When Bebe finally does find her way out, she looks startlingly mundane and not at all like a card-carrying member of the hooker hostel crowd; a blue ringer t-shirt that proclaims STOP WARS in a silkscreened fashion font purposefully meant to be reminiscent of a certain space opera movie that debuted in the 70's, fashionably faded jeans, and petite bare feet.

"You're welcome," she replies readily before claiming the space about three inches over on his left-hand side. "Look. All I know is… your name is Felix. Ivanov." First name, last name, carefully enunciated. "If you head back over to the mainland, see if you can't find a cop. They should be able to help you find your way home."

Felix Ivanov. He mouths it back to her, as if committing it to memory. "I'll try that," he says, uncertainly, and pushes off the bed, before stooping to lace on his boots. Stained, but cleaned, and still his. "I should go," he says, awkwardly. "Try and ….I don't know."

"…get some sleep?" It's not precisely the most helpful of suggestions but it does seem to be the most sensible one Bebe might be able to make at the moment.
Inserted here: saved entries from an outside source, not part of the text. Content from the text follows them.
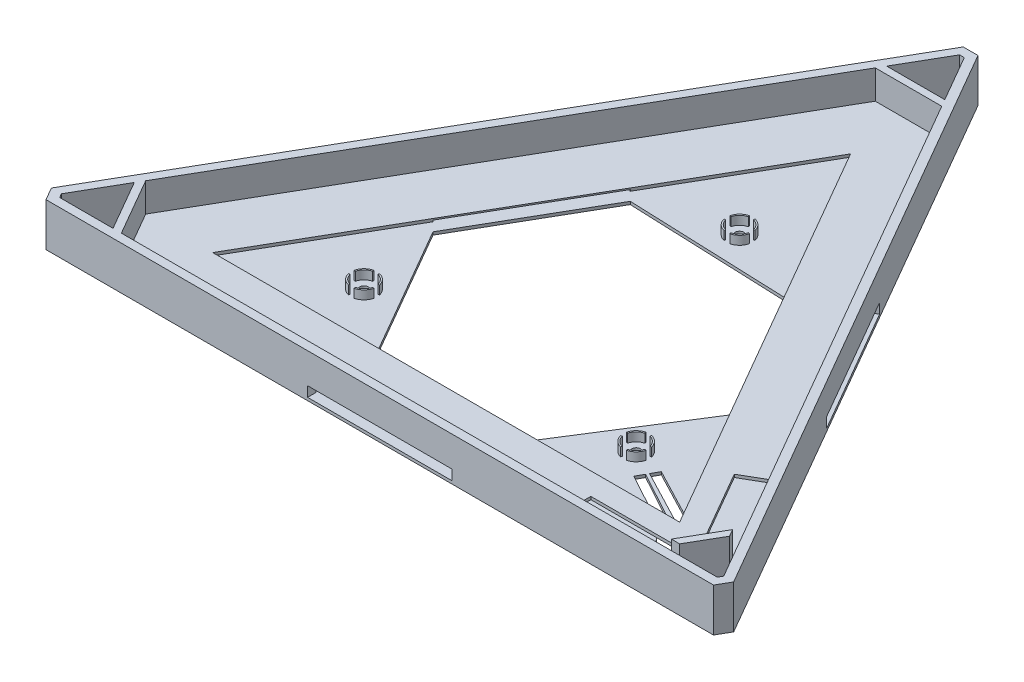
SolidWorks part; units mm, degrees
ref_plane "Front Plane" through (0, 0, 0) normal (0, 0, 1) x (1, 0, 0)
ref_plane "Top Plane" through (0, 0, 0) normal (0, 1, 0) x (1, 0, 0)
ref_plane "Right Plane" through (0, 0, 0) normal (1, 0, 0) x (0, 0, -1)
sketch "Sketch1" plane through (0, 0, 0) normal (0, 1, 0) x (1, 0, 0)
  line L0 (351.2729, 67.6655) -> (468.273, -134.9846)
  line L1 (347.2728, 67.6655) -> (347.2728, 65.1655) construction
  line L2 (409.773, -33.6595) -> (407.6079, -34.9095) construction
  line L3 (468.273, -134.9846) -> (464.2732, -141.9124)
  line L4 (230.2733, -141.9124) -> (464.2732, -141.9124)
  line L5 (230.2733, -141.9124) -> (226.2727, -134.9842)
  line L6 (226.2727, -134.9842) -> (343.2728, 67.6655)
  line L7 (353.4142, 63.9567) -> (351.2491, 62.7067) construction
  line L8 (347.2733, -141.9124) -> (347.2733, -139.4124) construction
  line L9 (231.7167, -139.4124) -> (462.8299, -139.4124)
  line L10 (284.7727, -33.6594) -> (286.9378, -34.9094) construction
  line L11 (344.7161, 65.1655) -> (349.8295, 65.1655)
  line L12 (465.3862, -134.9846) -> (349.8295, 65.1655)
  line L13 (466.2731, -138.4485) -> (464.1081, -137.1985) construction
  line L14 (462.8299, -139.4124) -> (465.3862, -134.9846)
  line L15 (229.1594, -134.9842) -> (344.7161, 65.1655)
  line L16 (229.1594, -134.9842) -> (231.7167, -139.4124)
  line L17 (286.9378, -34.9094) -> (287.3708, -35.1594) construction
  line L18 (230.438, -137.1983) -> (230.871, -136.9483) construction
  line L19 (232.0053, -138.9123) -> (229.7368, -134.9842)
  line L20 (343.2728, 67.6655) -> (351.2729, 67.6655)
  line L21 (345.0048, 64.6655) -> (229.7368, -134.9842)
  line L22 (349.5409, 64.6655) -> (345.0048, 64.6655)
  line L23 (249.0568, -126.4468) -> (246.8918, -127.697) construction
  line L24 (407.6079, -34.9095) -> (407.1749, -35.1595) construction
  line L26 (233.4463, -136.4089) -> (251.9226, -136.4093)
  line L27 (464.8089, -134.9846) -> (462.5412, -138.9123)
  line L28 (462.5412, -138.9123) -> (232.0053, -138.9123)
  line L29 (251.9226, -136.4093) -> (241.8609, -118.9847)
  line L30 (241.8609, -118.9847) -> (232.6236, -134.9842)
  line L31 (232.6236, -134.9842) -> (233.4463, -136.4089)
  line L33 (287.3708, -35.1594) -> (289.5359, -36.4094) construction
  line L34 (254.8093, -136.4089) -> (243.3042, -116.4848)
  line L35 (335.7675, 43.666) -> (243.3042, -116.4848)
  line L36 (358.7782, 43.666) -> (335.7675, 43.666)
  line L38 (289.5359, -36.4094) -> (306.8564, -46.4094) construction
  line L41 (461.939, -134.9846) -> (461.1164, -136.4093)
  line L42 (347.2688, -136.4172) -> (347.2688, -116.4172) construction
  line L43 (442.6021, -136.4093) -> (452.6999, -118.9847)
  line L44 (245.2636, -119.878) -> (249.0568, -126.4468) construction
  line L45 (452.6999, -118.9847) -> (461.939, -134.9846)
  line L48 (461.1164, -136.4093) -> (442.6021, -136.4093)
  line L49 (405.0134, -36.4027) -> (387.6936, -46.404) construction
  line L50 (306.8564, -46.4094) -> (466.2731, -138.4485) construction
  line L51 (357.3348, 46.166) -> (337.2109, 46.166)
  line L52 (337.2109, 46.166) -> (346.4484, 62.1659)
  line L53 (346.4484, 62.1659) -> (348.0966, 62.164)
  line L54 (348.0966, 62.164) -> (357.3348, 46.166)
  line L55 (228.273, -138.4483) -> (387.6936, -46.404) construction
  line L56 (347.2688, -116.4172) -> (347.2728, 43.666) construction
  line L57 (266.4391, -116.428) -> (428.1137, -116.4172)
  line L58 (347.2736, 23.6092) -> (428.1137, -116.4172)
  line L59 (266.4391, -116.428) -> (347.2736, 23.6092)
  line L60 (439.7283, -136.4254) -> (439.7283, -132.9254) construction
  line L61 (451.2487, -116.4715) -> (448.6507, -117.9717) construction
  line L62 (452.6999, -118.9847) -> (358.7782, 43.666)
  line L63 (442.6021, -136.4093) -> (254.8093, -136.4089)
  line L64 (441.749, -132.9254) -> (444.621, -132.9254)
  line L65 (448.6507, -117.9717) -> (450.9647, -121.979) construction
  line L66 (449.5167, -119.4714) -> (450.9647, -121.979)
  line L67 (441.749, -132.9254) -> (449.5167, -119.4714)
  line L68 (450.9647, -121.979) -> (444.621, -132.9254)
  line L69 (461.939, -134.9846) -> (427.2809, -114.9747) construction
  line L70 (461.1164, -136.4093) -> (426.4891, -116.4173) construction
  line L73 (405.0134, -134.9846) -> (439.7283, -134.9846)
  line L74 (405.0134, -134.9846) -> (405.0134, -124.0609)
  line L75 (405.0134, -124.0609) -> (439.7283, -124.0609)
  line L76 (439.7283, -134.9846) -> (439.7283, -124.0609)
  line L77 (405.0134, -124.0609) -> (430.3202, -80.2282) construction
  line L78 (405.0134, -134.9846) -> (433.4739, -85.6896) construction
  line L79 (461.1164, -136.4093) -> (424.3464, -72.7321) construction
  line L80 (432.6513, -87.1143) -> (423.1904, -92.5775)
  line L81 (432.6513, -87.1143) -> (450.1194, -117.365)
  line L82 (423.1904, -92.5775) -> (440.6585, -122.8281)
  line L83 (450.1194, -117.365) -> (440.6585, -122.8281)
  point P13 (407.6079, -34.9095)
  point P20 (464.1081, -137.1985)
  point P23 (347.2733, -139.4124)
  point P25 (347.2732, -141.9124)
  point P27 (347.2728, 65.1655)
  point P31 (286.9378, -34.9094)
  point P37 (287.3708, -35.1594)
  point P39 (230.871, -136.9483)
  point P41 (347.2728, 64.6655)
  point P45 (407.1749, -35.1595)
  point P50 (246.8918, -127.697)
  point P56 (289.5359, -36.4094)
  point P58 (249.0568, -126.4468)
  point P60 (347.2728, 43.666)
  point P62 (345.0048, -136.4089)
  point P64 (445.4885, -126.4485)
  point P71 (447.651, -127.697)
  point P77 (347.2728, 46.166)
  point P84 (347.2688, -116.4172)
  point P87 (387.6936, -46.404)
  point P89 (306.8564, -46.4094)
  point P100 (405.0134, -36.4027)
  dimension "D1" = 2.5
  dimension "D2" = 2.5
  dimension "D3" = 2.5
  dimension "D4" = 2.5
  dimension "D5" = 2.5
  dimension "D6" = 2.5
  dimension "D7" = 0.5
  dimension "D8" = 0.5
  dimension "D9" = 0.5
  dimension "D10" = 2.5
  dimension "D11" = 2.5
  dimension "D12" = 20
  dimension "D13" = 20
  dimension "D14" = 20
  dimension "D15" = 3.5
  dimension "D16" = 3
extrude "Boss-Extrude1" add sketch "Sketch1" along normal blind 1 contours L36 L35 L34 L57 L59 L58 region at (251.4484, 0, 125.0658)
extrude "Boss-Extrude2" add sketch "Sketch1<9>" along normal blind 11 contours L28 L27 L22 L21 L19 L31 L30 L29 L26 L34 L35 L36 L41 L48 L43 L45 L53 L54 L51 L52 | L68 L64 L67 L66 region at (230.7087, 0, 137.042)
sketch "Sketch1<9>" plane through (0, 0, 0) normal (0, 1, 0) x (1, 0, 0) same geometry as "Sketch1"
extrude "Boss-Extrude3" add sketch "Sketch1<10>" along normal blind 5 and the other way blind 3 contours L28 L27 L22 L21 L19 L31 L30 L29 L26 L34 L35 L36 L41 L48 L43 L45 L53 L54 L51 L52 | L68 L64 L67 L66 region at (230.7087, 0, 137.042)
sketch "Sketch1<10>" plane through (0, 0, 0) normal (0, 1, 0) x (1, 0, 0) same geometry as "Sketch1"
sketch "Sketch3" plane through (290.5896, 0, -167.772) normal (0.866, 0, -0.5) x (-0.5, 0, -0.866)
  line L1 (-261.593, -6.5) -> (-211.593, -6.5)
  line L2 (-261.593, -6.5) -> (-261.593, 0.5)
  line L3 (-261.593, 0.5) -> (-211.593, 0.5)
  line L4 (-211.593, -6.5) -> (-211.593, 0.5)
  line L5 (-261.593, -6.5) -> (-211.593, 0.5) construction
  line L6 (-261.593, 0.5) -> (-211.593, -6.5) construction
  point P0 (-236.593, -3)
  dimension "D1" = 50
  dimension "D2" = 7
extrude "Cut-Extrude3" cut sketch "Sketch3" against normal blind 25
sketch "Sketch5" plane through (0, 0, 139.4124) normal (0, 0, 1) x (1, 0, 0)
  line L0 (231.7167, -3) -> (462.8299, -3) construction
  line L1 (322.2733, -6.5) -> (372.2733, -6.5)
  line L2 (322.2733, -6.5) -> (322.2733, 0.5)
  line L3 (322.2733, 0.5) -> (372.2733, 0.5)
  line L4 (372.2733, -6.5) -> (372.2733, 0.5)
  line L5 (322.2733, -6.5) -> (372.2733, 0.5) construction
  line L6 (322.2733, 0.5) -> (372.2733, -6.5) construction
  point P0 (347.2733, -3)
  dimension "D1" = 50
  dimension "D2" = 7
extrude "Cut-Extrude4" cut sketch "Sketch5" against normal blind 25
sketch "Sketch6" plane through (230.3194, 0, 132.9752) normal (-0.866, 0, -0.5) x (-0.5, 0, 0.866)
  line L0 (2.3199, -3) -> (-228.7932, -3) construction
  line L1 (-138.2367, -6.5) -> (-88.2367, -6.5)
  line L2 (-138.2367, -6.5) -> (-138.2367, 0.5)
  line L3 (-138.2367, 0.5) -> (-88.2367, 0.5)
  line L4 (-88.2367, -6.5) -> (-88.2367, 0.5)
  line L5 (-138.2367, -6.5) -> (-88.2367, 0.5) construction
  line L6 (-138.2367, 0.5) -> (-88.2367, -6.5) construction
  point P0 (-113.2367, -3)
  dimension "D1" = 50
  dimension "D2" = 7
extrude "Cut-Extrude5" cut sketch "Sketch6" against normal blind 25
sketch "Sketch8" plane through (0, -3, 0) normal (0, -1, 0) x (1, 0, 0)
  line L1 (349.8295, -65.1655) -> (465.3862, 134.9846)
  line L2 (465.3862, 134.9846) -> (462.8299, 139.4124)
  line L4 (444.621, 132.9254) -> (450.9647, 121.979)
  line L6 (462.8299, 139.4124) -> (231.7167, 139.4124)
  line L9 (452.6999, 118.9847) -> (461.939, 134.9846)
  line L12 (461.939, 134.9846) -> (461.1164, 136.4093)
  line L15 (450.9647, 121.979) -> (444.621, 132.9254) construction
  line L17 (461.1164, 136.4093) -> (442.6021, 136.4093)
  line L19 (322.2733, 116.4243) -> (294.3582, 68.0611)
  line L20 (294.3582, 68.0611) -> (319.3545, 24.7577)
  line L21 (319.3545, 24.7577) -> (376.4737, 26.9694)
  line L22 (376.4737, 26.9694) -> (401.4727, 70.2712)
  line L23 (401.4727, 70.2712) -> (372.2733, 116.4209)
  line L24 (372.2733, 116.4209) -> (322.2733, 116.4243)
  line L25 (386.873, 93.3461) -> (395.3235, 98.6928) construction
  line L30 (308.3157, 92.2427) -> (299.6549, 97.2417) construction
  line L31 (347.9141, 25.8635) -> (348.3013, 15.8635) construction
  line L37 (231.7167, 139.4124) -> (229.1594, 134.9842)
  line L39 (233.4463, 136.4089) -> (251.9226, 136.4093)
  line L40 (251.9226, 136.4093) -> (241.8609, 118.9847)
  line L41 (241.8609, 118.9847) -> (232.6236, 134.9842)
  line L42 (232.6236, 134.9842) -> (233.4463, 136.4089)
  line L43 (349.8295, -65.1655) -> (344.7161, -65.1655)
  line L44 (344.7161, -65.1655) -> (229.1594, 134.9842)
  line L45 (337.2109, -46.166) -> (357.3348, -46.166)
  line L46 (357.3348, -46.166) -> (348.0966, -62.164)
  line L47 (348.0966, -62.164) -> (346.4484, -62.1659)
  line L48 (346.4484, -62.1659) -> (337.2109, -46.166)
  line L53 (442.6021, 136.4093) -> (439.0196, 136.4093)
  line L54 (439.0196, 136.4093) -> (420.3794, 116.4177)
  line L55 (424.5493, 110.2432) -> (451.8713, 117.5496)
  line L59 (372.2733, 116.4209) -> (428.1137, 116.4172) construction
  line L60 (401.4727, 70.2712) -> (428.1137, 116.4172) construction
  line L61 (451.8713, 117.5496) -> (452.6999, 118.9847)
  line L62 (426.6202, 116.4173) -> (441.749, 132.9254)
  line L63 (441.749, 132.9254) -> (444.621, 132.9254)
  line L65 (427.3476, 115.0902) -> (449.5167, 119.4714)
  line L66 (449.5167, 119.4714) -> (450.9647, 121.979)
  line L67 (449.5167, 119.4714) -> (450.9647, 121.979) construction
  line L68 (441.749, 132.9254) -> (449.5167, 119.4714) construction
  line L70 (403.8523, 103.9378) -> (426.6202, 116.4173)
  line L72 (404.333, 103.0609) -> (427.3476, 115.0902)
  line L74 (442.6021, 136.4093) -> (372.2733, 136.4092) construction
  line L75 (461.939, 134.9846) -> (418.7954, 60.2699) construction
  line L76 (420.3794, 116.4177) -> (402.4104, 106.5685)
  line L77 (402.4104, 106.5685) -> (403.8523, 103.9378)
  line L78 (404.333, 103.0609) -> (405.7749, 100.4301)
  line L79 (405.7749, 100.4301) -> (424.5493, 110.2432)
  line L80 (395.3235, 98.6928) -> (447.7929, 127.4522) construction
  line L81 (395.3235, 98.6928) -> (404.0927, 103.4993) construction
  line L82 (404.0927, 103.4993) -> (404.333, 103.0609) construction
  line L83 (404.0927, 103.4993) -> (403.8523, 103.9378) construction
  line L84 (403.8523, 103.9378) -> (402.4104, 106.5685) construction
  line L85 (404.333, 103.0609) -> (405.7749, 100.4301) construction
  line L86 (402.4104, 106.5685) -> (420.3794, 116.4177) construction
  line L87 (405.7749, 100.4301) -> (424.5493, 110.2432) construction
  line L88 (404.333, 103.0609) -> (427.842, 115.9466) construction
  line L89 (403.8523, 103.9378) -> (426.6202, 116.4173) construction
  line L90 (426.6202, 116.4173) -> (427.3476, 115.0902) construction
  line L91 (420.3794, 116.4177) -> (424.1464, 109.5452) construction
  circle A0 centre (395.3235, 98.6928) radius 1.5
  circle A1 centre (348.3013, 15.8635) radius 1.5
  circle A2 centre (299.6549, 97.2417) radius 1.5
  point P4 (424.5493, 110.2432)
  dimension "D6" = 3
  dimension "D7" = 3
  dimension "D8" = 3
  dimension "D1" = 10
  dimension "D2" = 0.5
  dimension "D3" = 10
  dimension "D4" = 10
  dimension "D5" = 10
  dimension "D9" = 0.5
  dimension "D10" = 3
  dimension "D11" = 3
extrude "Boss-Extrude5" add sketch "Sketch8" along normal blind 1
sketch "Sketch12" plane through (0, -3, 0) normal (0, 1, 0) x (1, 0, 0)
  line L0 (348.3013, -11.8635) -> (348.3013, -11.3635) construction
  line L1 (348.3013, -11.3635) -> (349.2951, -11.4746) construction
  line L2 (349.2951, -11.4746) -> (349.1847, -11.9623)
  line L3 (348.3013, -11.3635) -> (347.3075, -11.4746) construction
  line L4 (347.3075, -11.4746) -> (347.4179, -11.9623)
  line L5 (352.3013, -15.8635) -> (352.8013, -15.8635) construction
  line L6 (344.3013, -15.8635) -> (343.8013, -15.8635) construction
  line L7 (348.3013, -19.8635) -> (348.3013, -20.3635) construction
  line L8 (352.8013, -15.8635) -> (352.6902, -14.8697) construction
  line L9 (352.8013, -15.8635) -> (352.6902, -16.8573) construction
  line L10 (343.8013, -15.8635) -> (343.9124, -14.8697) construction
  line L11 (343.8013, -15.8635) -> (343.9124, -16.8573) construction
  line L12 (348.3013, -20.3635) -> (349.2951, -20.2524) construction
  line L13 (348.3013, -20.3635) -> (347.3075, -20.2524) construction
  line L14 (343.9124, -14.8697) -> (348.3013, -15.8635) construction
  line L15 (348.3013, -15.8635) -> (352.6902, -14.8697) construction
  line L16 (343.9124, -16.8573) -> (348.3013, -15.8635) construction
  line L17 (348.3013, -15.8635) -> (352.6902, -16.8573) construction
  line L18 (347.3075, -20.2524) -> (348.3013, -15.8635) construction
  line L19 (348.3013, -15.8635) -> (349.2951, -20.2524) construction
  line L20 (343.9124, -14.8697) -> (344.4001, -14.9801)
  line L21 (343.9124, -16.8573) -> (344.4001, -16.7469)
  line L22 (347.3075, -20.2524) -> (347.4179, -19.7648)
  line L23 (349.2951, -20.2524) -> (349.1847, -19.7648)
  line L24 (352.6902, -14.8697) -> (352.2025, -14.9801)
  line L25 (352.6902, -16.8573) -> (352.2025, -16.7469)
  line L26 (395.3235, -94.1928) -> (395.3235, -98.6928) construction
  line L27 (395.3235, -98.6928) -> (390.8235, -98.6928) construction
  line L28 (390.8235, -98.6928) -> (390.9347, -97.699) construction
  line L29 (399.8235, -98.6928) -> (395.3235, -98.6928) construction
  line L30 (395.3235, -98.6928) -> (395.3235, -103.1928) construction
  line L31 (395.3235, -103.1928) -> (396.3173, -103.0817) construction
  line L32 (395.3235, -94.1928) -> (396.3173, -94.3039) construction
  line L33 (395.3235, -94.1928) -> (394.3297, -94.3039) construction
  line L34 (399.7124, -97.699) -> (399.8235, -98.6928) construction
  line L35 (399.8235, -98.6928) -> (399.7124, -99.6866) construction
  line L36 (390.9347, -99.6866) -> (390.8235, -98.6928) construction
  line L37 (394.3297, -103.0817) -> (395.3235, -103.1928) construction
  line L38 (394.3297, -94.3039) -> (395.3235, -98.6928) construction
  line L39 (395.3235, -98.6928) -> (396.3173, -94.3039) construction
  line L40 (390.9347, -99.6866) -> (395.3235, -98.6928) construction
  line L41 (395.3235, -98.6928) -> (390.9347, -97.699) construction
  line L42 (399.7124, -97.699) -> (395.3235, -98.6928) construction
  line L43 (395.3235, -98.6928) -> (399.7124, -99.6866) construction
  line L44 (394.3297, -103.0817) -> (395.3235, -98.6928) construction
  line L45 (395.3235, -98.6928) -> (396.3173, -103.0817) construction
  line L46 (394.3297, -94.3039) -> (394.4402, -94.7916)
  line L47 (396.3173, -94.3039) -> (396.2069, -94.7916)
  line L48 (399.7124, -97.699) -> (399.2248, -97.8094)
  line L49 (399.7124, -99.6866) -> (399.2248, -99.5762)
  line L50 (396.3173, -103.0817) -> (396.2069, -102.5941)
  line L51 (394.3297, -103.0817) -> (394.4402, -102.5941)
  line L52 (390.9347, -99.6866) -> (391.4223, -99.5762)
  line L53 (390.9347, -97.699) -> (391.4248, -97.7985)
  line L54 (299.6549, -92.7417) -> (299.6549, -97.2417) construction
  line L55 (299.6549, -97.2417) -> (304.1549, -97.2417) construction
  line L56 (299.6549, -101.7417) -> (299.6549, -97.2417) construction
  line L57 (299.6549, -97.2417) -> (295.1549, -97.2417) construction
  line L58 (299.6549, -97.2417) -> (298.6611, -92.8528) construction
  line L59 (298.6611, -92.8528) -> (299.6549, -92.7417) construction
  line L60 (299.6549, -92.7417) -> (300.6487, -92.8528) construction
  line L61 (300.6487, -92.8528) -> (299.6549, -97.2417) construction
  line L62 (299.6549, -97.2417) -> (304.0438, -96.2479) construction
  line L63 (304.0438, -96.2479) -> (304.1549, -97.2417) construction
  line L64 (304.1549, -97.2417) -> (304.0438, -98.2355) construction
  line L65 (304.0438, -98.2355) -> (299.6549, -97.2417) construction
  line L66 (299.6549, -97.2417) -> (300.6487, -101.6306) construction
  line L67 (300.6487, -101.6306) -> (299.6549, -101.7417) construction
  line L68 (299.6549, -101.7417) -> (298.6611, -101.6306) construction
  line L69 (298.6611, -101.6306) -> (299.6549, -97.2417) construction
  line L70 (299.6549, -97.2417) -> (295.266, -98.2355) construction
  line L71 (295.266, -98.2355) -> (295.1549, -97.2417) construction
  line L72 (295.1549, -97.2417) -> (295.266, -96.2479) construction
  line L73 (295.266, -96.2479) -> (299.6549, -97.2417) construction
  line L74 (295.266, -96.2479) -> (295.7537, -96.3583)
  line L75 (295.266, -98.2355) -> (295.7537, -98.1251)
  line L76 (298.6611, -101.6306) -> (298.7715, -101.1429)
  line L77 (300.6487, -101.6306) -> (300.5383, -101.1429)
  line L78 (304.0438, -98.2355) -> (303.5561, -98.1251)
  line L79 (304.0438, -96.2479) -> (303.5561, -96.3583)
  line L80 (300.6487, -92.8528) -> (300.5383, -93.3404)
  line L81 (298.6611, -92.8528) -> (298.7715, -93.3404)
  circle A0 centre (348.3013, -15.8635) radius 4.5
  circle A1 centre (395.3235, -98.6928) radius 4.5
  circle A2 centre (299.6549, -97.2417) radius 4.5
  circle A3 centre (348.3013, -15.8635) radius 4
  circle A4 centre (395.3235, -98.6928) radius 4
  circle A5 centre (299.6549, -97.2417) radius 4
  dimension "D1" = 9
  dimension "D2" = 9
  dimension "D3" = 9
  dimension "D4" = 8
  dimension "D5" = 8
  dimension "D6" = 8
  dimension "D7" = 1
  dimension "D8" = 1
  dimension "D9" = 1
  dimension "D10" = 1
  dimension "D11" = 1
  dimension "D12" = 1
  dimension "D13" = 1
  dimension "D14" = 1
  dimension "D15" = 1
  dimension "D16" = 1
  dimension "D17" = 1
  dimension "D18" = 1
  dimension "D19" = 1
  dimension "D20" = 1
  dimension "D21" = 1
  dimension "D22" = 1
  dimension "D23" = 1
  dimension "D24" = 1
  dimension "D25" = 1
  dimension "D26" = 1
  dimension "D27" = 1
  dimension "D28" = 1
  dimension "D29" = 1
  dimension "D30" = 1
extrude "Boss-Extrude10" add sketch "Sketch12" along normal blind 3 contours A3 L4 A0 L20 | A3 L24 A0 L2 | A3 L23 A0 L25 | A3 L21 A0 L22 | A4 L46 A1 L53 | A4 L48 A1 L47 | A4 L50 A1 L49 | A4 L52 A1 L51 | A5 L81 A2 L74 | A5 L79 A2 L80 | A5 L77 A2 L78 | A5 L75 A2 L76 region at (351.1537, -3, 13.0111) region at (345.4489, -3, 13.0111) region at (351.1537, -3, 18.7159) region at (345.4489, -3, 18.7159) region at (392.4726, -3, 95.8382) region at (398.1759, -3, 95.8404) region at (392.4712, -3, 101.5452) region at (398.1759, -3, 101.5452) region at (296.8025, -3, 94.3893) region at (296.8025, -3, 100.0941) region at (302.5073, -3, 94.3893) region at (302.5073, -3, 100.0941)

Otherwise, she just sort of stands there, shoulders curled up around her ears, both hands tucked awkwardly into front pockets, looking every ounce as lost as Felix does.

One last thought occurs to her before she feels confident enough to just let him walk out of the motel room unescorted. Directions. "You need to go down to Fresh Kills and find yourself a ferryman. Ask around for a man named Jack. Tell him Bebe sent you. If he's not available, make sure you get on a boat that's got other people goin' ashore, too, okay?" The unspoken implication is that bad things happen to men who might be inclined to travel alone. In fact…

"On second thought, I'll just go with you. Let me grab my jacket."